How to detect whether a git merge would result in an empty commit, given two arbitrary commits?

Question

If I use LibGit2Sharp's "Diff" feature to compare two branch commits, the diff has changes regardless of the order in which I compare them.

var newBranch = repository.Branches[currentBranchName];
var oldBranch = repository.Branches[name];

var patch = repository.Diff.Compare<Patch>(oldBranch.Tip.Tree, newBranch.Tip.Tree);
var patchChanges = patch.Count();

If I swap newBranch and oldBranch in the above code, an identical/opposite patch is returned. For example, if the first patch is something like +300 -200, then diffing the branches in reverse order will result in a patch with -300 +200.

On the other hand, if I merge one branch into another, there might be NO new changes introduced (i.e. an empty merge commit will result), whereas if I merge in the opposite order there WILL be changes.

I'm really just trying to detect whether one branch is missing hotfixes from another, which is the same as answering the question of whether merging one branch into another would result in an empty merge commit.
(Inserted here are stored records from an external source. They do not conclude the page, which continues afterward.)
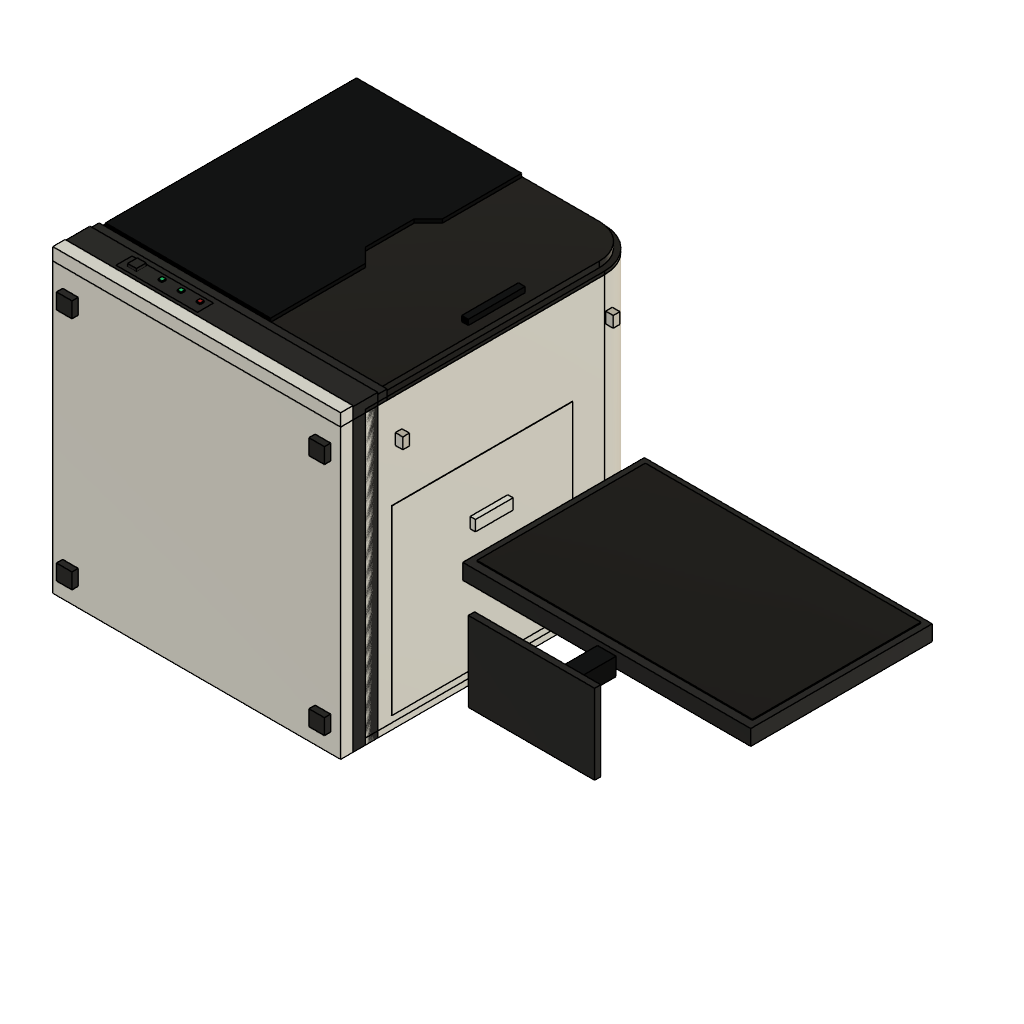
S60-before-branding (Autodesk Fusion 360 design; units mm, degrees)
Autodesk Fusion 360 part; units mm, degrees
(part 1 of 3)
ref_plane "WorkPlane1" through (0, 0, -280) normal (0, 0, 1) x (1, 0, 0) in component "cassette_bays | Three vertical cassette bays | DEPTH PROVISIONAL"
sketch "bay_back profile" plane through (0, 0, -280) normal (0, 0, 1) x (1, 0, 0) in component "cassette_bays | Three vertical cassette bays | DEPTH PROVISIONAL"
  line L0 (142, 117.5) -> (268, 117.5)
  line L1 (268, 117.5) -> (268, 592.5)
  line L2 (268, 592.5) -> (142, 592.5)
  line L3 (142, 592.5) -> (142, 117.5)
extrude "bay_back solid extrusion" add sketch "bay_back profile" along normal blind 9 makes body 1 in component "cassette_bays | Three vertical cassette bays | DEPTH PROVISIONAL"
ref_plane "WorkPlane2" through (0, 0, -275.5) normal (0, 0, 1) x (1, 0, 0) in component "cassette_bays | Three vertical cassette bays | DEPTH PROVISIONAL"
sketch "side_frame profile" plane through (0, 0, -275.5) normal (0, 0, 1) x (1, 0, 0) in component "cassette_bays | Three vertical cassette bays | DEPTH PROVISIONAL"
  line L0 (140, 118) -> (150, 118)
  line L1 (150, 118) -> (150, 592)
  line L2 (150, 592) -> (140, 592)
  line L3 (140, 592) -> (140, 118)
  line L4 (260, 118) -> (270, 118)
  line L5 (270, 118) -> (270, 592)
  line L6 (270, 592) -> (260, 592)
  line L7 (260, 592) -> (260, 118)
extrude "side_frame solid extrusion" add sketch "side_frame profile" along normal blind 108 separate body makes body 2 at (140, 434, -239.5) makes body 3 at (260, 434, -239.5) in component "cassette_bays | Three vertical cassette bays | DEPTH PROVISIONAL"
ref_plane "WorkPlane3" through (0, 0, -275.5) normal (0, 0, 1) x (1, 0, 0) in component "cassette_bays | Three vertical cassette bays | DEPTH PROVISIONAL"
sketch "cross_frame profile" plane through (0, 0, -275.5) normal (0, 0, 1) x (1, 0, 0) in component "cassette_bays | Three vertical cassette bays | DEPTH PROVISIONAL"
  line L0 (140, 116) -> (270, 116)
  line L1 (270, 116) -> (270, 126)
  line L2 (270, 126) -> (140, 126)
  line L3 (140, 126) -> (140, 116)
  line L4 (140, 275) -> (270, 275)
  line L5 (270, 275) -> (270, 285)
  line L6 (270, 285) -> (140, 285)
  line L7 (140, 285) -> (140, 275)
  line L8 (140, 425) -> (270, 425)
  line L9 (270, 425) -> (270, 435)
  line L10 (270, 435) -> (140, 435)
  line L11 (140, 435) -> (140, 425)
  line L12 (140, 584) -> (270, 584)
  line L13 (270, 584) -> (270, 594)
  line L14 (270, 594) -> (140, 594)
  line L15 (140, 594) -> (140, 584)
extrude "cross_frame solid extrusion" add sketch "cross_frame profile" along normal blind 108 separate body makes body 4 at (226.6667, 435, -239.5) makes body 5 at (226.6667, 285, -239.5) makes body 6 at (226.6667, 126, -239.5) makes body 7 at (226.6667, 594, -239.5) in component "cassette_bays | Three vertical cassette bays | DEPTH PROVISIONAL"
ref_plane "WorkPlane4" through (0, 0, -165.5) normal (0, 0, 1) x (1, 0, 0) in component "cassette_bays | Three vertical cassette bays | DEPTH PROVISIONAL"
sketch "seat_led_0 profile" plane through (0, 0, -165.5) normal (0, 0, 1) x (1, 0, 0) in component "cassette_bays | Three vertical cassette bays | DEPTH PROVISIONAL"
  line L0 (144, 264) -> (150, 264)
  line L1 (150, 264) -> (150, 270)
  line L2 (150, 270) -> (144, 270)
  line L3 (144, 270) -> (144, 264)
extrude "seat_led_0 solid extrusion" add sketch "seat_led_0 profile" along normal blind 4 separate body makes body 8 in component "cassette_bays | Three vertical cassette bays | DEPTH PROVISIONAL"
ref_plane "WorkPlane5" through (0, 0, -165.5) normal (0, 0, 1) x (1, 0, 0) in component "cassette_bays | Three vertical cassette bays | DEPTH PROVISIONAL"
sketch "seat_led_1 profile" plane through (0, 0, -165.5) normal (0, 0, 1) x (1, 0, 0) in component "cassette_bays | Three vertical cassette bays | DEPTH PROVISIONAL"
  line L0 (144, 414) -> (150, 414)
  line L1 (150, 414) -> (150, 420)
  line L2 (150, 420) -> (144, 420)
  line L3 (144, 420) -> (144, 414)
extrude "seat_led_1 solid extrusion" add sketch "seat_led_1 profile" along normal blind 4 separate body makes body 9 in component "cassette_bays | Three vertical cassette bays | DEPTH PROVISIONAL"
ref_plane "WorkPlane6" through (0, 0, -165.5) normal (0, 0, 1) x (1, 0, 0) in component "cassette_bays | Three vertical cassette bays | DEPTH PROVISIONAL"
sketch "seat_led_2 profile" plane through (0, 0, -165.5) normal (0, 0, 1) x (1, 0, 0) in component "cassette_bays | Three vertical cassette bays | DEPTH PROVISIONAL"
  line L0 (144, 564) -> (150, 564)
  line L1 (150, 564) -> (150, 570)
  line L2 (150, 570) -> (144, 570)
  line L3 (144, 570) -> (144, 564)
extrude "seat_led_2 solid extrusion" add sketch "seat_led_2 profile" along normal blind 4 separate body makes body 10 in component "cassette_bays | Three vertical cassette bays | DEPTH PROVISIONAL"
ref_plane "WorkPlane1" through (0, 0, -269.5) normal (0, 0, 1) x (1, 0, 0) in component "cassette_0 | Bottom cassette | DEPTH PROVISIONAL"
sketch "rack_base profile" plane through (0, 0, -269.5) normal (0, 0, 1) x (1, 0, 0) in component "cassette_0 | Bottom cassette | DEPTH PROVISIONAL"
  line L0 (165, 139) -> (245, 139)
  line L1 (245, 139) -> (245, 145)
  line L2 (245, 145) -> (165, 145)
  line L3 (165, 145) -> (165, 139)
extrude "rack_base solid extrusion" add sketch "rack_base profile" along normal blind 96 separate body makes body 11 in component "cassette_0 | Bottom cassette | DEPTH PROVISIONAL"
ref_plane "WorkPlane2" through (0, 0, -269.5) normal (0, 0, 1) x (1, 0, 0) in component "cassette_0 | Bottom cassette | DEPTH PROVISIONAL"
sketch "rack_top profile" plane through (0, 0, -269.5) normal (0, 0, 1) x (1, 0, 0) in component "cassette_0 | Bottom cassette | DEPTH PROVISIONAL"
  line L0 (165, 265.5) -> (245, 265.5)
  line L1 (245, 265.5) -> (245, 270.5)
  line L2 (245, 270.5) -> (165, 270.5)
  line L3 (165, 270.5) -> (165, 265.5)
extrude "rack_top solid extrusion" add sketch "rack_top profile" along normal blind 96 separate body makes body 12 in component "cassette_0 | Bottom cassette | DEPTH PROVISIONAL"
ref_plane "WorkPlane3" through (0, 0, -269.5) normal (0, 0, 1) x (1, 0, 0) in component "cassette_0 | Bottom cassette | DEPTH PROVISIONAL"
sketch "outer_guide profile" plane through (0, 0, -269.5) normal (0, 0, 1) x (1, 0, 0) in component "cassette_0 | Bottom cassette | DEPTH PROVISIONAL"
  line L0 (165, 143.5) -> (169, 143.5)
  line L1 (169, 143.5) -> (169, 266.5)
  line L2 (169, 266.5) -> (165, 266.5)
  line L3 (165, 266.5) -> (165, 143.5)
  line L4 (241, 143.5) -> (245, 143.5)
  line L5 (245, 143.5) -> (245, 266.5)
  line L6 (245, 266.5) -> (241, 266.5)
  line L7 (241, 266.5) -> (241, 143.5)
extrude "outer_guide solid extrusion" add sketch "outer_guide profile" along normal blind 96 separate body makes body 13 at (165, 225.5, -237.5) makes body 14 at (241, 225.5, -237.5) in component "cassette_0 | Bottom cassette | DEPTH PROVISIONAL"
ref_plane "WorkPlane4" through (0, 0, -177.5) normal (0, 0, 1) x (1, 0, 0) in component "cassette_0 | Bottom cassette | DEPTH PROVISIONAL"
sketch "rear_rib_PHOTO_ESTIMATE profile" plane through (0, 0, -177.5) normal (0, 0, 1) x (1, 0, 0) in component "cassette_0 | Bottom cassette | DEPTH PROVISIONAL"
  line L0 (168.5, 144) -> (175.5, 144)
  line L1 (175.5, 144) -> (175.5, 266)
  line L2 (175.5, 266) -> (168.5, 266)
  line L3 (168.5, 266) -> (168.5, 144)
  line L4 (201.5, 144) -> (208.5, 144)
  line L5 (208.5, 144) -> (208.5, 266)
  line L6 (208.5, 266) -> (201.5, 266)
  line L7 (201.5, 266) -> (201.5, 144)
  line L8 (234.5, 144) -> (241.5, 144)
  line L9 (241.5, 144) -> (241.5, 266)
  line L10 (241.5, 266) -> (234.5, 266)
  line L11 (234.5, 266) -> (234.5, 144)
extrude "rear_rib_PHOTO_ESTIMATE solid extrusion" add sketch "rear_rib_PHOTO_ESTIMATE profile" along normal blind 4 separate body makes body 15 at (170.8333, 184.6667, -177.5) makes body 16 at (203.8333, 225.3333, -177.5) makes body 17 at (236.8333, 184.6667, -177.5) in component "cassette_0 | Bottom cassette | DEPTH PROVISIONAL"
ref_plane "WorkPlane5" through (0, 0, -234) normal (0, 0, 1) x (1, 0, 0) in component "cassette_0 | Bottom cassette | DEPTH PROVISIONAL"
sketch "magnetic_base profile" plane through (0, 0, -234) normal (0, 0, 1) x (1, 0, 0) in component "cassette_0 | Bottom cassette | DEPTH PROVISIONAL"
  line L0 (191, 136.5) -> (219, 136.5)
  line L1 (219, 136.5) -> (219, 139.5)
  line L2 (219, 139.5) -> (191, 139.5)
  line L3 (191, 139.5) -> (191, 136.5)
extrude "magnetic_base solid extrusion" add sketch "magnetic_base profile" along normal blind 25 separate body makes body 18 in component "cassette_0 | Bottom cassette | DEPTH PROVISIONAL"
ref_plane "WorkPlane6" through (0, 0, -269.5) normal (0, 0, 1) x (1, 0, 0) in component "cassette_0 | Bottom cassette | DEPTH PROVISIONAL"
sketch "center_divider profile" plane through (0, 0, -269.5) normal (0, 0, 1) x (1, 0, 0) in component "cassette_0 | Bottom cassette | DEPTH PROVISIONAL"
  line L0 (203, 144) -> (207, 144)
  line L1 (207, 144) -> (207, 266)
  line L2 (207, 266) -> (203, 266)
  line L3 (203, 266) -> (203, 144)
extrude "center_divider solid extrusion" add sketch "center_divider profile" along normal blind 96 separate body makes body 19 in component "cassette_0 | Bottom cassette | DEPTH PROVISIONAL"
ref_plane "WorkPlane7" through (0, 0, -259.5) normal (0, 0, 1) x (1, 0, 0) in component "cassette_0 | Bottom cassette | DEPTH PROVISIONAL"
sketch "slide_glass profile" plane through (0, 0, -259.5) normal (0, 0, 1) x (1, 0, 0) in component "cassette_0 | Bottom cassette | DEPTH PROVISIONAL"
  line L0 (175, 253.5) -> (201, 253.5)
  line L1 (201, 253.5) -> (201, 254.5)
  line L2 (201, 254.5) -> (175, 254.5)
  line L3 (175, 254.5) -> (175, 253.5)
  line L4 (175, 243) -> (201, 243)
  line L5 (201, 243) -> (201, 244)
  line L6 (201, 244) -> (175, 244)
  line L7 (175, 244) -> (175, 243)
  line L8 (175, 232.5) -> (201, 232.5)
  line L9 (201, 232.5) -> (201, 233.5)
  line L10 (201, 233.5) -> (175, 233.5)
  line L11 (175, 233.5) -> (175, 232.5)
  line L12 (175, 222) -> (201, 222)
  line L13 (201, 222) -> (201, 223)
  line L14 (201, 223) -> (175, 223)
  line L15 (175, 223) -> (175, 222)
  line L16 (175, 211.5) -> (201, 211.5)
  line L17 (201, 211.5) -> (201, 212.5)
  line L18 (201, 212.5) -> (175, 212.5)
  line L19 (175, 212.5) -> (175, 211.5)
  line L20 (175, 201) -> (201, 201)
  line L21 (201, 201) -> (201, 202)
  line L22 (201, 202) -> (175, 202)
  line L23 (175, 202) -> (175, 201)
  line L24 (175, 190.5) -> (201, 190.5)
  line L25 (201, 190.5) -> (201, 191.5)
  line L26 (201, 191.5) -> (175, 191.5)
  line L27 (175, 191.5) -> (175, 190.5)
  line L28 (175, 180) -> (201, 180)
  line L29 (201, 180) -> (201, 181)
  line L30 (201, 181) -> (175, 181)
  line L31 (175, 181) -> (175, 180)
  line L32 (175, 169.5) -> (201, 169.5)
  line L33 (201, 169.5) -> (201, 170.5)
  line L34 (201, 170.5) -> (175, 170.5)
  line L35 (175, 170.5) -> (175, 169.5)
  line L36 (175, 159) -> (201, 159)
  line L37 (201, 159) -> (201, 160)
  line L38 (201, 160) -> (175, 160)
  line L39 (175, 160) -> (175, 159)
  line L40 (209, 253.5) -> (235, 253.5)
  line L41 (235, 253.5) -> (235, 254.5)
  line L42 (235, 254.5) -> (209, 254.5)
  line L43 (209, 254.5) -> (209, 253.5)
  line L44 (209, 243) -> (235, 243)
  line L45 (235, 243) -> (235, 244)
  line L46 (235, 244) -> (209, 244)
  line L47 (209, 244) -> (209, 243)
  line L48 (209, 232.5) -> (235, 232.5)
  line L49 (235, 232.5) -> (235, 233.5)
  line L50 (235, 233.5) -> (209, 233.5)
  line L51 (209, 233.5) -> (209, 232.5)
  line L52 (209, 222) -> (235, 222)
  line L53 (235, 222) -> (235, 223)
  line L54 (235, 223) -> (209, 223)
  line L55 (209, 223) -> (209, 222)
  line L56 (209, 211.5) -> (235, 211.5)
  line L57 (235, 211.5) -> (235, 212.5)
  line L58 (235, 212.5) -> (209, 212.5)
  line L59 (209, 212.5) -> (209, 211.5)
  line L60 (209, 201) -> (235, 201)
  line L61 (235, 201) -> (235, 202)
  line L62 (235, 202) -> (209, 202)
  line L63 (209, 202) -> (209, 201)
  line L64 (209, 190.5) -> (235, 190.5)
  line L65 (235, 190.5) -> (235, 191.5)
  line L66 (235, 191.5) -> (209, 191.5)
  line L67 (209, 191.5) -> (209, 190.5)
  line L68 (209, 180) -> (235, 180)
  line L69 (235, 180) -> (235, 181)
  line L70 (235, 181) -> (209, 181)
  line L71 (209, 181) -> (209, 180)
  line L72 (209, 169.5) -> (235, 169.5)
  line L73 (235, 169.5) -> (235, 170.5)
  line L74 (235, 170.5) -> (209, 170.5)
  line L75 (209, 170.5) -> (209, 169.5)
  line L76 (209, 159) -> (235, 159)
  line L77 (235, 159) -> (235, 160)
  line L78 (235, 160) -> (209, 160)
  line L79 (209, 160) -> (209, 159)
extrude "slide_glass solid extrusion" add sketch "slide_glass profile" along normal blind 76 separate body makes body 20 at (226.3333, 170.5, -234.1667) makes body 21 at (226.3333, 191.5, -234.1667) makes body 22 at (226.3333, 212.5, -234.1667) makes body 23 at (226.3333, 233.5, -234.1667) makes body 24 at (226.3333, 254.5, -234.1667) makes body 25 at (192.3333, 160, -234.1667) makes body 26 at (192.3333, 181, -234.1667) makes body 27 at (192.3333, 202, -234.1667) makes body 28 at (192.3333, 223, -234.1667) makes body 29 at (192.3333, 244, -234.1667) makes body 30 at (192.3333, 233.5, -234.1667) makes body 31 at (192.3333, 212.5, -234.1667) makes body 32 at (192.3333, 191.5, -234.1667) makes body 33 at (192.3333, 170.5, -234.1667) makes body 34 at (192.3333, 254.5, -234.1667) makes body 35 at (226.3333, 244, -234.1667) makes body 36 at (226.3333, 223, -234.1667) makes body 37 at (226.3333, 202, -234.1667) makes body 38 at (226.3333, 181, -234.1667) makes body 39 at (226.3333, 160, -234.1667) in component "cassette_0 | Bottom cassette | DEPTH PROVISIONAL"
ref_plane "WorkPlane8" through (0, 0, -263) normal (0, 0, 1) x (1, 0, 0) in component "cassette_0 | Bottom cassette | DEPTH PROVISIONAL"
sketch "slot_guide profile" plane through (0, 0, -263) normal (0, 0, 1) x (1, 0, 0) in component "cassette_0 | Bottom cassette | DEPTH PROVISIONAL"
  line L0 (173, 252) -> (175, 252)
  line L1 (175, 252) -> (175, 254)
  line L2 (175, 254) -> (173, 254)
  line L3 (173, 254) -> (173, 252)
  line L4 (201, 252) -> (203, 252)
  line L5 (203, 252) -> (203, 254)
  line L6 (203, 254) -> (201, 254)
  line L7 (201, 254) -> (201, 252)
  line L8 (173, 241.5) -> (175, 241.5)
  line L9 (175, 241.5) -> (175, 243.5)
  line L10 (175, 243.5) -> (173, 243.5)
  line L11 (173, 243.5) -> (173, 241.5)
  line L12 (201, 241.5) -> (203, 241.5)
  line L13 (203, 241.5) -> (203, 243.5)
  line L14 (203, 243.5) -> (201, 243.5)
  line L15 (201, 243.5) -> (201, 241.5)
  line L16 (173, 231) -> (175, 231)
  line L17 (175, 231) -> (175, 233)
  line L18 (175, 233) -> (173, 233)
  line L19 (173, 233) -> (173, 231)
  line L20 (201, 231) -> (203, 231)
  line L21 (203, 231) -> (203, 233)
  line L22 (203, 233) -> (201, 233)
  line L23 (201, 233) -> (201, 231)
  line L24 (173, 220.5) -> (175, 220.5)
  line L25 (175, 220.5) -> (175, 222.5)
  line L26 (175, 222.5) -> (173, 222.5)
  line L27 (173, 222.5) -> (173, 220.5)
  line L28 (201, 220.5) -> (203, 220.5)
  line L29 (203, 220.5) -> (203, 222.5)
  line L30 (203, 222.5) -> (201, 222.5)
  line L31 (201, 222.5) -> (201, 220.5)
  line L32 (173, 210) -> (175, 210)
  line L33 (175, 210) -> (175, 212)
  line L34 (175, 212) -> (173, 212)
  line L35 (173, 212) -> (173, 210)
  line L36 (201, 210) -> (203, 210)
  line L37 (203, 210) -> (203, 212)
  line L38 (203, 212) -> (201, 212)
  line L39 (201, 212) -> (201, 210)
  line L40 (173, 199.5) -> (175, 199.5)
  line L41 (175, 199.5) -> (175, 201.5)
  line L42 (175, 201.5) -> (173, 201.5)
  line L43 (173, 201.5) -> (173, 199.5)
  line L44 (201, 199.5) -> (203, 199.5)
  line L45 (203, 199.5) -> (203, 201.5)
  line L46 (203, 201.5) -> (201, 201.5)
  line L47 (201, 201.5) -> (201, 199.5)
  line L48 (173, 189) -> (175, 189)
  line L49 (175, 189) -> (175, 191)
  line L50 (175, 191) -> (173, 191)
  line L51 (173, 191) -> (173, 189)
  line L52 (201, 189) -> (203, 189)
  line L53 (203, 189) -> (203, 191)
  line L54 (203, 191) -> (201, 191)
  line L55 (201, 191) -> (201, 189)
  line L56 (173, 178.5) -> (175, 178.5)
  line L57 (175, 178.5) -> (175, 180.5)
  line L58 (175, 180.5) -> (173, 180.5)
  line L59 (173, 180.5) -> (173, 178.5)
  line L60 (201, 178.5) -> (203, 178.5)
  line L61 (203, 178.5) -> (203, 180.5)
  line L62 (203, 180.5) -> (201, 180.5)
  line L63 (201, 180.5) -> (201, 178.5)
  line L64 (173, 168) -> (175, 168)
  line L65 (175, 168) -> (175, 170)
  line L66 (175, 170) -> (173, 170)
  line L67 (173, 170) -> (173, 168)
  line L68 (201, 168) -> (203, 168)
  line L69 (203, 168) -> (203, 170)
  line L70 (203, 170) -> (201, 170)
  line L71 (201, 170) -> (201, 168)
  line L72 (173, 157.5) -> (175, 157.5)
  line L73 (175, 157.5) -> (175, 159.5)
  line L74 (175, 159.5) -> (173, 159.5)
  line L75 (173, 159.5) -> (173, 157.5)
  line L76 (201, 157.5) -> (203, 157.5)
  line L77 (203, 157.5) -> (203, 159.5)
  line L78 (203, 159.5) -> (201, 159.5)
  line L79 (201, 159.5) -> (201, 157.5)
  line L80 (207, 252) -> (209, 252)
  line L81 (209, 252) -> (209, 254)
  line L82 (209, 254) -> (207, 254)
  line L83 (207, 254) -> (207, 252)
  line L84 (235, 252) -> (237, 252)
  line L85 (237, 252) -> (237, 254)
  line L86 (237, 254) -> (235, 254)
  line L87 (235, 254) -> (235, 252)
  line L88 (207, 241.5) -> (209, 241.5)
  line L89 (209, 241.5) -> (209, 243.5)
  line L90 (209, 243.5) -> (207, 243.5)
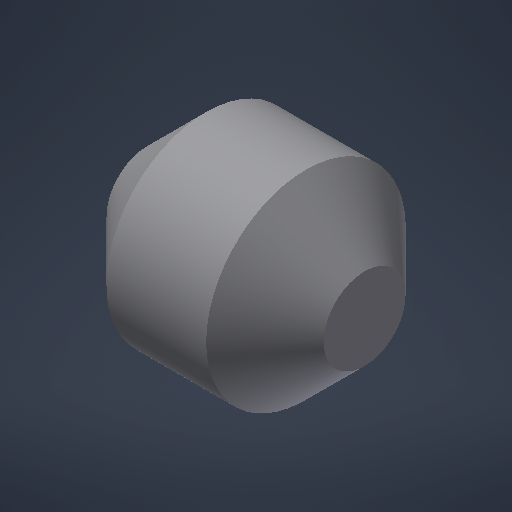
# Autodesk Inventor part: PESAS BAILARINA
Saved by Autodesk Inventor 2026 (Build 300175000, 175)
## iProperties
Created: 2025-03-28
Part Number: PESAS BAILARINA
Material: Generic
Document SubType Name: Modeling
Designer: usuario
Density: 1 g/cm^3
Appearance: Default
Author: usuario
Autodesk Inventor part; units mm, degrees
ref_plane "XZ Plane" through (0, 0, 0) normal (0, 1, 0) x (-1, 0, 0)
ref_plane "XY Plane" through (0, 0, 0) normal (0, 0, 1) x (1, 0, 0)
sketch "Boceto1" plane through (0, 0, 0) normal (1, 0, 0) x (0, 1, 0)
  circle A0 centre (0, 0) radius 7.85
  dimension "d0" = 15.7
  constraints: 1 centre point, 1 coincident
  measures "d0" diameter of A0
ref_plane "Plano de trabajo1" through (11.225, 0, 0) normal (1, 0, 0) x (0, 1, 0)
sketch "Boceto2" plane through (11.225, 0, 0) normal (1, 0, 0) x (0, 1, 0)
  circle A0 centre (0, 0) radius 19.075
  dimension "d2" = 38.15
  constraints: 1 centre point, 1 coincident
  measures "d2" diameter of A0
ref_plane "Plano de trabajo2" through (30.325, 0, 0) normal (1, 0, 0) x (0, 1, 0)
sketch "Boceto3" plane through (30.325, 0, 0) normal (1, 0, 0) x (0, 1, 0)
  point P0 (0, 0)
ref_plane "Plano de trabajo3" through (41.55, 0, 0) normal (1, 0, 0) x (0, 1, 0)
sketch "Boceto4" plane through (41.55, 0, 0) normal (1, 0, 0) x (0, 1, 0)
  circle A0 centre (0, 0) radius 7.85
  dimension "d6" = 15.7
  constraints: 1 centre point, 1 coincident
  measures "d6" diameter of A0
extrude "Extrusión1" add sketch "Boceto2" along normal blind 19.1
extrude "Extrusión2" add sketch "Boceto1" along normal blind 15
extrude "Extrusión3" add sketch "Boceto4" against normal blind 15
loft "Solevación1" add section 1 edges at (41.55, -7.85, 0) section 2 edges at (30.325, -19.075, 0)
loft "Solevación2" add section 1 edges at (0, -7.85, 0) section 2 edges at (11.225, -19.075, 0)

I can get the ahead/behind counts, but often, when one branch is behind another by one commit, that commit is an empty merge commit, so it's not actually behind (i.e. a new merge commit would be empty), so the behind by count doesn't actually tell me whether hotfixed changes are missing. I thought maybe I could just diff the two commits, but as I discovered, that always has equal/opposite changes in both directions, whereas I need some operation that will detect that there are no changes in one specific direction (i.e. the "ahead" commit is empty). I cannot find anything in LibGit2Sharp that will tell me whether a merge commit is empty.

Answer 1

An empty merge can happen, but, among other things, it requires defining what we mean by empty merge.

A merge has three inputs, not two. A diff has two inputs, not three.

When Git performs a merge—a true merge, of the usual kind, not an octopus merge, not a fast-forward operation, or some of the other things that git merge can do, but a true three-way merge with two branch tips and a merge base—Git has to run two git diff operations, not one, because each git diff compares just two trees, and we need to compare three.

The first of the three inputs is neither branch tip. Instead, it is the merge base commit between the two tips:

          C--D--E   <-- ourbranch (HEAD)
         /
...--A--B
         \
          F--G   <-- theirbranch

Here, each uppercase letter stands in for an actual commit hash ID. To do the merge, Git must:

• locate commit B, the merge base
• compare B to E: what did we change?
• compare B to G: what did they change?
• combine these changes!

When the merge is done, assuming all goes well, Git makes a new commit that has two parents instead of just one:

          C--D--E
         /       \
...--A--B         H   <-- ourbranch (HEAD)
         \       /
          F-----G   <-- theirbranch

If, after the fact of the merge, you compare H vs E, you will see the changes that came in via theirbranch: B vs G, minus anything that was already in B vs E. If you compare H vs G, you will see the changes that came in via ourbranch: B vs E, minus anything that was duplicated in B vs G.

If we define an empty merge as one where H vs E produces no difference (i.e., that the snapshot in E matches that in E) and H vs G produces no difference, then E must have matched G. (The contents of B become irrelevant in this definition!)

If we define an empty merge as one where H vs E produces no difference, regardless of whether H vs G produces some difference, then there are more ways to get here. One is to use -s ours when running git merge, as that instruct Git to ignore the second diff entirely (and in fact, not bother running it): just use G as the snapshot for H, while still making the history linkage connect H backwards to both E and G. Another is to ensure that whatever is in the B vs G diff is simply a subset of whatever is in the B vs H diff, so that the process of combining the two diffs results in just taking the B-vs-H diff in the end.

If we define an empty merge as one in which H matches B, the constraints are even stronger. The only natural way to get this is for E to also match B, and, if we did not use -s ours, for G to match B as well.

(Note that we can run git merge --no-commit to stop Git from automatically committing the merge result. In this case, we can subsequently mess with the contents of the index—the thing from which Git will make the next commit—so that we can construct the tree from H to look any way we like, regardless of what is in B, E, and/or G. But I exclude this from any normal setup.)

Hence, if you want to pre-compute what a merge will do, your job is this:

1. Find the merge base commit B. (Consider also what happens if there is no common commit, or if there is more than one best common commit, between the two histories derived from walking backwards from the two branch tips.)
2. Having located B, or made a recursive merge the way git merge -s recursive does for the multiple-merge-base case, run the two diff operations that Git would. Remember to enable rename detection.
3. Combine the two diffs.

(Not included here: when both branch tips modify the file with respect to the merge base, Git will use any merge drivers selected in .gitattributes files. If you want to emulate merge, you should do this, too.)

It's generally much simpler to just do the merge and see what happens. If you don't want to update the current branch, detach HEAD before doing the merge, or do the merge with --no-commit and then use git merge --abort to stop the merge and reset.